Joining the Ranks: Demystifying Harvard's Tenure System - benmaraschino
http://www.thecrimson.com/article/2013/4/11/scrutiny-tenure-harvard/

======
plg
Getting hired into a faculty position (and often getting tenure, like at
Harvard) are increasingly becoming more and more like show business... a
really high ratio of qualified applicants to (scarce) positions ... and so
what ends up being deciding factors are often seemingly arbitrary, subjective,
or even unknown. "Fit" with the Department. "Significance" of the work.
"General consensus" of the committee.

We can complain and complain but what this means from a practical point of
view, for young and aspiring academics, is

1\. If you really want it, don't give up. Keep doing good work and keep
applying.

2\. If you care more about making money, do something else. Like in show
business and sports, the vast majority aren't getting super rich, aren't
getting famous. They ARE however living their dream, doing exactly what they
love to do.

3\. You will need to make an impression above and beyond the objective "facts"
that you list on your academic cv. You will have to be friendly. You will have
to impress on intangibles. Scientists are often not good at this.

4\. In today's environment academic Departments care about your potential to
bring money into the University (in the form of research grants). You will
need to hit this point.

5\. Your motivation (and validation) has to come from within. If you depend on
external reinforcement you will not succeed.

I see a lot of graduate students complaining about how difficult it is to get
hired into a Faculty position these days, how difficult it is to get research
grants, how difficult it is to get published in a decent journal. Not to be
TOO much of a grumpy old man, but like any highly skilled endeavour, it should
be difficult. 10,000 hours and all that.

Many, many young people end up in graduate school not because they are
intensely focused on scholarly work, and intend upon one day being a
Professor, because that's what they love to do, that's what they've always
wanted to do (this however WAS the case for me) ... rather many, many young
people end up graduate school because

a. they are in a holding pattern because they haven't yet attained their
actual goal, which is getting into a professional school (law, meds,
dentistry, mba, etc)

b. their grades are good and they "don't know what they want to do"

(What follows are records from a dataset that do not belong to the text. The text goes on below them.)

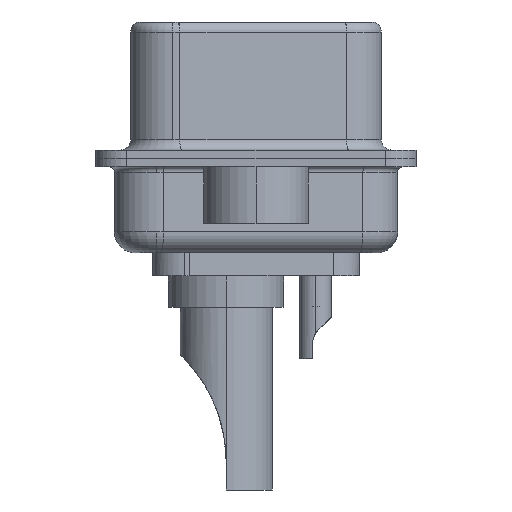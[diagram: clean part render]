
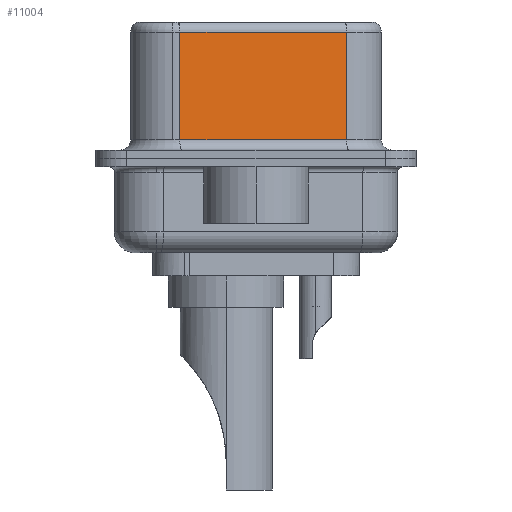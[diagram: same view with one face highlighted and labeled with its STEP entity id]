
A CAD part, left-side view. The second image highlights one B-rep face of the part: STEP entity #11004.
In plain terms, the highlighted planar face has unit normal (-0.985, -0.174, 0).
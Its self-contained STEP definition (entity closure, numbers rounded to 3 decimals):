
#226 = CARTESIAN_POINT ( 'NONE',  ( 5.132, -4.322, 6.52 ) ) ;
#492 = EDGE_CURVE ( 'NONE', #16762, #17332, #6222, .T. ) ;
#750 = VECTOR ( 'NONE', #6505, 1000. ) ;
#1236 = CARTESIAN_POINT ( 'NONE',  ( 3.73, 3.628, 0.9 ) ) ;
#2525 = FACE_OUTER_BOUND ( 'NONE', #15097, .T. ) ;
#3284 = CARTESIAN_POINT ( 'NONE',  ( 5.132, -4.322, 6.02 ) ) ;
#5089 = AXIS2_PLACEMENT_3D ( 'NONE', #9517, #23864, #11643 ) ;
#6011 = EDGE_CURVE ( 'NONE', #16762, #12092, #11461, .T. ) ;
#6222 = LINE ( 'NONE', #226, #750 ) ;
#6505 = DIRECTION ( 'NONE',  ( 0., 0., -1. ) ) ;
#7498 = EDGE_CURVE ( 'NONE', #22841, #17332, #24169, .T. ) ;
#9232 = CARTESIAN_POINT ( 'NONE',  ( 5.132, -4.322, 0.9 ) ) ;
#9517 = CARTESIAN_POINT ( 'NONE',  ( 5.132, -4.322, 6.52 ) ) ;
#11004 = ADVANCED_FACE ( 'NONE', ( #2525 ), #21780, .F. ) ;
#11461 = LINE ( 'NONE', #22530, #22305 ) ;
#11643 = DIRECTION ( 'NONE',  ( -0.174, 0.985, 0. ) ) ;
#12092 = VERTEX_POINT ( 'NONE', #12531 ) ;
#12468 = ORIENTED_EDGE ( 'NONE', *, *, #7498, .T. ) ;
#12531 = CARTESIAN_POINT ( 'NONE',  ( 3.73, 3.628, 6.02 ) ) ;
#13359 = VECTOR ( 'NONE', #19670, 1000. ) ;
#13373 = DIRECTION ( 'NONE',  ( 0., 0., -1. ) ) ;
#15097 = EDGE_LOOP ( 'NONE', ( #25898, #23154, #15557, #12468 ) ) ;
#15325 = VECTOR ( 'NONE', #13373, 1000. ) ;
#15557 = ORIENTED_EDGE ( 'NONE', *, *, #18505, .T. ) ;
#16762 = VERTEX_POINT ( 'NONE', #3284 ) ;
#17332 = VERTEX_POINT ( 'NONE', #9232 ) ;
#18505 = EDGE_CURVE ( 'NONE', #12092, #22841, #20658, .T. ) ;
#19670 = DIRECTION ( 'NONE',  ( 0.174, -0.985, 0. ) ) ;
#20658 = LINE ( 'NONE', #21418, #15325 ) ;
#20865 = CARTESIAN_POINT ( 'NONE',  ( 5.132, -4.322, 0.9 ) ) ;
#21260 = DIRECTION ( 'NONE',  ( -0.174, 0.985, 0. ) ) ;
#21418 = CARTESIAN_POINT ( 'NONE',  ( 3.73, 3.628, 6.52 ) ) ;
#21780 = PLANE ( 'NONE',  #5089 ) ;
#22305 = VECTOR ( 'NONE', #21260, 1000. ) ;
#22530 = CARTESIAN_POINT ( 'NONE',  ( 5.132, -4.322, 6.02 ) ) ;
#22841 = VERTEX_POINT ( 'NONE', #1236 ) ;
#23154 = ORIENTED_EDGE ( 'NONE', *, *, #6011, .T. ) ;
#23864 = DIRECTION ( 'NONE',  ( 0.985, 0.174, 0. ) ) ;
#24169 = LINE ( 'NONE', #20865, #13359 ) ;
#25898 = ORIENTED_EDGE ( 'NONE', *, *, #492, .F. ) ;

As a Professor, case a. doesn't bother me much, as long as they work hard, it
can be a win-win for supervisor and student.

Case b. bothers me a lot. Advanced, persistent scholarly work is an intense,
difficult, (rewarding) endeavour. If you're bored, or confused, please don't
"try" graduate school. It's not a hobby. It's a very specific undertaking that
is well suited to only a very small proportion of the population (even the
population of "smart people").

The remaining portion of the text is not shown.